Jota Mombaça, Pavimento no 1, 2021. Paint on asphalt. Painted by Coletivo Feminino de Arte de Sorocaba (Cofas) for the 3rd Frestas – Trienal de Artes do Sesc Sorocaba. Photo: MinaVoz

 

This text is a journey through various written works. Throughout history – and today, as never before – artists seem to use words both to formally experiment with linguistic materialities as well as to break the verbal silence of plastic forms and, in this way, use a forceful and direct critical discourse. Undefined hybrids between slogans, information, watchwords, aphorisms, names, narratives and poems, these minimal texts communicate and affect instantaneously, using the seductive imagistic appeal of being verbal discourse and plastic form at the same time. This is the case with ‘‘A fuga só acontece porque é impossível’, whose SOS aesthetic materializes the text and merges reading, walking and air rescue into a single act.


¹ In this text, I use terms such as ‘minimal writing’ and ‘minimal text’ inspired by the book Absence of Clutter, Minimal Writing as Art and Literature, by Paul Stephens. The author analyzes the use of concise and reduced text in American literature and conceptual art from the 1960s onwards.
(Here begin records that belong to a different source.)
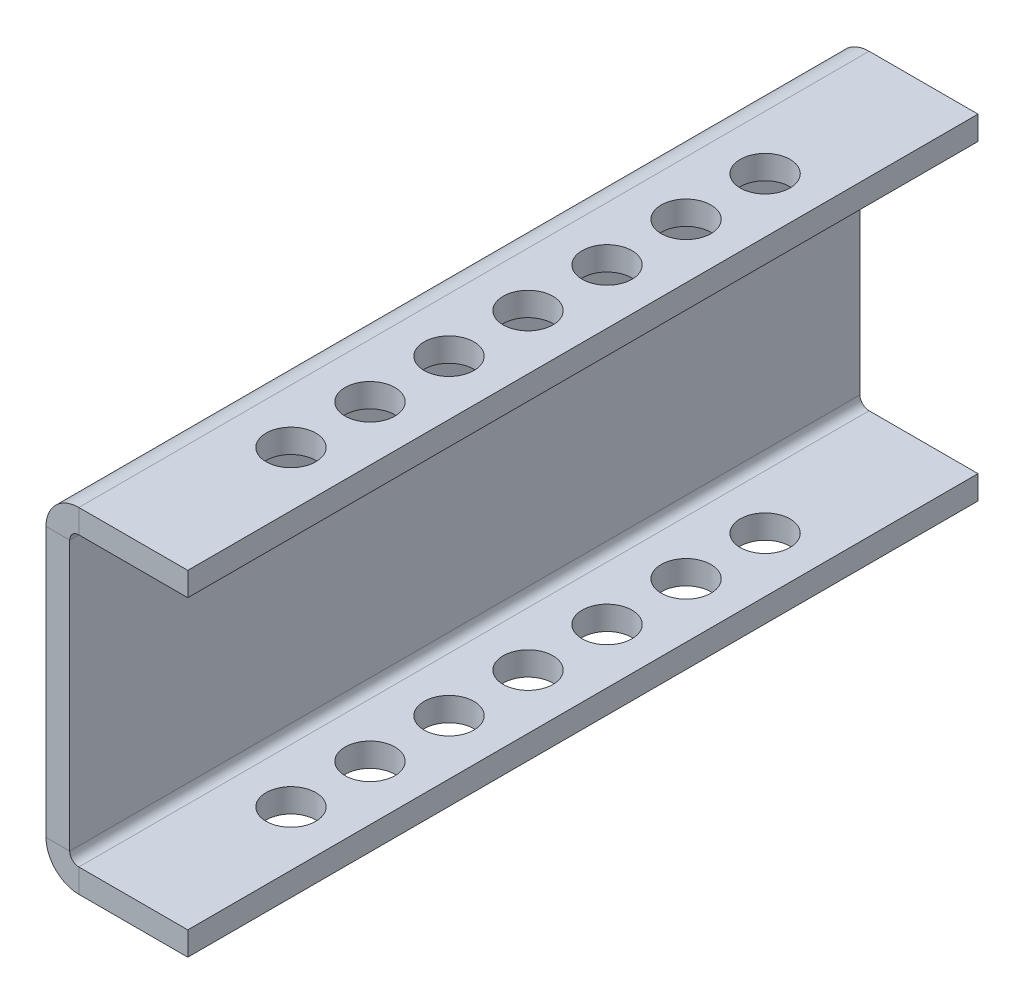
ISO-10303-21;
HEADER;
FILE_DESCRIPTION(('STEP AP214'),'2;1');
FILE_NAME('part.step','',(''),(''),'','','');
FILE_SCHEMA(('AUTOMOTIVE_DESIGN { 1 0 10303 214 1 1 1 1 }'));
ENDSEC;
DATA;
#1=APPLICATION_CONTEXT('core data for automotive mechanical design processes');
#2=APPLICATION_PROTOCOL_DEFINITION('international standard','automotive_design',2000,#1);
#3=PRODUCT_CONTEXT('',#1,'mechanical');
#4=PRODUCT('Part','Part','',(#3));
#5=PRODUCT_RELATED_PRODUCT_CATEGORY('part','',(#4));
#6=PRODUCT_DEFINITION_FORMATION('','',#4);
#7=PRODUCT_DEFINITION_CONTEXT('part definition',#1,'design');
#8=PRODUCT_DEFINITION('design','',#6,#7);
#9=PRODUCT_DEFINITION_SHAPE('','',#8);
#10=(LENGTH_UNIT() NAMED_UNIT(*) SI_UNIT(.MILLI.,.METRE.));
#11=(NAMED_UNIT(*) PLANE_ANGLE_UNIT() SI_UNIT($,.RADIAN.));
#12=(NAMED_UNIT(*) SI_UNIT($,.STERADIAN.) SOLID_ANGLE_UNIT());
#13=UNCERTAINTY_MEASURE_WITH_UNIT(LENGTH_MEASURE(1.E-05),#10,'distance_accuracy_value','');
#14=(GEOMETRIC_REPRESENTATION_CONTEXT(3) GLOBAL_UNCERTAINTY_ASSIGNED_CONTEXT((#13)) GLOBAL_UNIT_ASSIGNED_CONTEXT((#10,
#11,#12)) REPRESENTATION_CONTEXT('',''));
#15=CARTESIAN_POINT('',(0.,0.,0.));
#16=DIRECTION('',(0.,0.,1.));
#17=DIRECTION('',(1.,0.,0.));
#18=AXIS2_PLACEMENT_3D('',#15,#16,#17);
#19=CARTESIAN_POINT('',(-1.905,0.,0.));
#20=DIRECTION('',(-1.,0.,0.));
#21=DIRECTION('',(0.,0.,1.));
#22=AXIS2_PLACEMENT_3D('',#19,#20,#21);
#23=PLANE('',#22);
#24=DIRECTION('',(0.,-1.,0.));
#25=VECTOR('',#24,1.);
#26=CARTESIAN_POINT('',(-1.905,22.225,31.75));
#27=LINE('',#26,#25);
#28=CARTESIAN_POINT('',(-1.905,10.8204,31.75));
#29=VERTEX_POINT('',#28);
#30=CARTESIAN_POINT('',(-1.905,-10.8204,31.75));
#31=VERTEX_POINT('',#30);
#32=EDGE_CURVE('E248',#29,#31,#27,.T.);
#33=ORIENTED_EDGE('',*,*,#32,.F.);
#34=DIRECTION('',(0.,0.,-1.));
#35=VECTOR('',#34,1.);
#36=CARTESIAN_POINT('',(-1.905,10.8204,0.));
#37=LINE('',#36,#35);
#38=CARTESIAN_POINT('',(-1.905,10.8204,-31.75));
#39=VERTEX_POINT('',#38);
#40=EDGE_CURVE('E239',#29,#39,#37,.T.);
#41=ORIENTED_EDGE('',*,*,#40,.T.);
#42=DIRECTION('',(0.,1.,0.));
#43=VECTOR('',#42,1.);
#44=CARTESIAN_POINT('',(-1.905,22.225,-31.75));
#45=LINE('',#44,#43);
#46=CARTESIAN_POINT('',(-1.905,-10.8204,-31.75));
#47=VERTEX_POINT('',#46);
#48=EDGE_CURVE('E231',#47,#39,#45,.T.);
#49=ORIENTED_EDGE('',*,*,#48,.F.);
#50=DIRECTION('',(0.,0.,-1.));
#51=VECTOR('',#50,1.);
#52=CARTESIAN_POINT('',(-1.905,-10.8204,0.));
#53=LINE('',#52,#51);
#54=EDGE_CURVE('E227',#31,#47,#53,.T.);
#55=ORIENTED_EDGE('',*,*,#54,.F.);
#56=EDGE_LOOP('',(#33,#41,#49,#55));
#57=FACE_BOUND('',#56,.T.);
#58=ADVANCED_FACE('F47',(#57),#23,.T.);
#59=CARTESIAN_POINT('',(-1.905,22.225,-31.75));
#60=DIRECTION('',(0.,0.,-1.));
#61=DIRECTION('',(-1.,0.,0.));
#62=AXIS2_PLACEMENT_3D('',#59,#60,#61);
#63=PLANE('',#62);
#64=ORIENTED_EDGE('',*,*,#48,.T.);
#65=DIRECTION('',(1.,0.,0.));
#66=VECTOR('',#65,1.);
#67=CARTESIAN_POINT('',(-1.905,10.8204,-31.75));
#68=LINE('',#67,#66);
#69=CARTESIAN_POINT('',(0.,10.8204,-31.75));
#70=VERTEX_POINT('',#69);
#71=EDGE_CURVE('E12',#39,#70,#68,.T.);
#72=ORIENTED_EDGE('',*,*,#71,.T.);
#73=DIRECTION('',(0.,1.,0.));
#74=VECTOR('',#73,1.);
#75=CARTESIAN_POINT('',(0.,22.225,-31.75));
#76=LINE('',#75,#74);
#77=CARTESIAN_POINT('',(0.,-10.8204,-31.75));
#78=VERTEX_POINT('',#77);
#79=EDGE_CURVE('E249',#78,#70,#76,.T.);
#80=ORIENTED_EDGE('',*,*,#79,.F.);
#81=DIRECTION('',(1.,0.,0.));
#82=VECTOR('',#81,1.);
#83=CARTESIAN_POINT('',(-1.905,-10.8204,-31.75));
#84=LINE('',#83,#82);
#85=EDGE_CURVE('E230',#47,#78,#84,.T.);
#86=ORIENTED_EDGE('',*,*,#85,.F.);
#87=EDGE_LOOP('',(#64,#72,#80,#86));
#88=FACE_BOUND('',#87,.T.);
#89=ADVANCED_FACE('F49',(#88),#63,.T.);
#90=CARTESIAN_POINT('',(-1.905,22.225,31.75));
#91=DIRECTION('',(0.,0.,1.));
#92=DIRECTION('',(0.,-1.,0.));
#93=AXIS2_PLACEMENT_3D('',#90,#91,#92);
#94=PLANE('',#93);
#95=DIRECTION('',(0.,-1.,0.));
#96=VECTOR('',#95,1.);
#97=CARTESIAN_POINT('',(0.,22.225,31.75));
#98=LINE('',#97,#96);
#99=CARTESIAN_POINT('',(0.,10.8204,31.75));
#100=VERTEX_POINT('',#99);
#101=CARTESIAN_POINT('',(0.,-10.8204,31.75));
#102=VERTEX_POINT('',#101);
#103=EDGE_CURVE('E70',#100,#102,#98,.T.);
#104=ORIENTED_EDGE('',*,*,#103,.F.);
#105=DIRECTION('',(-1.,0.,0.));
#106=VECTOR('',#105,1.);
#107=CARTESIAN_POINT('',(-1.905,10.8204,31.75));
#108=LINE('',#107,#106);
#109=EDGE_CURVE('E242',#100,#29,#108,.T.);
#110=ORIENTED_EDGE('',*,*,#109,.T.);
#111=ORIENTED_EDGE('',*,*,#32,.T.);
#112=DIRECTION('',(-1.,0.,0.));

At the end of the book, Stephens makes a list of one-word works (A Selected Bibliography of Oneworders), which he calls ‘one-word artworks’ and ‘one-word poems’. STEPHENS, Paul. Absence of Clutter, Minimal Writing as Art and Literature. Cambridge: The MIT Press, 2020.

² See Cinemateca, by Luiz Otávio Pimentel, published June 26, 1971, in the Plug column of the Correio da Manhã newspaper. In PIRES, Paulo Roberto (org). Torquato Neto, Torquatália (Geleia Geral). Rio de Janeiro: Rocco, 2003.


About the author

Fabio Morais (São Paulo, 1975) is a visual artist with a master’s degree and doctorate in the visual arts from UDESC. He is currently doing post-doctoral research at ECA-USP on video writing. His most recent solo show was Gráfico fágico (2024), at the Cabinet du Livre d’artiste (Rennes, France). He has held eight solo exhibitions at Galeria Vermelho and has also taken part in group exhibitions at institutions such as the Bienal de São Paulo and the Bienal do Mercosul (Porto Alegre), MAM-SP, Instituto Tomie Ohtake, among others. He has works in the collections of MAM-SP, Museu da Língua Portuguesa (São Paulo), Museu da Pampulha (Belo Horizonte) and CGAC (Santiago de Compostela) and art books in the collections of the Coleção de Livros de Artista da UFMG (Belo Horizonte), CCSP (São Paulo), the library at MoMA and the Metropolitan Museum of Art (New York), the Tate Library and Archive (London) and Bibliothèque Kandinsky – Centre Pompidou (Paris), among others.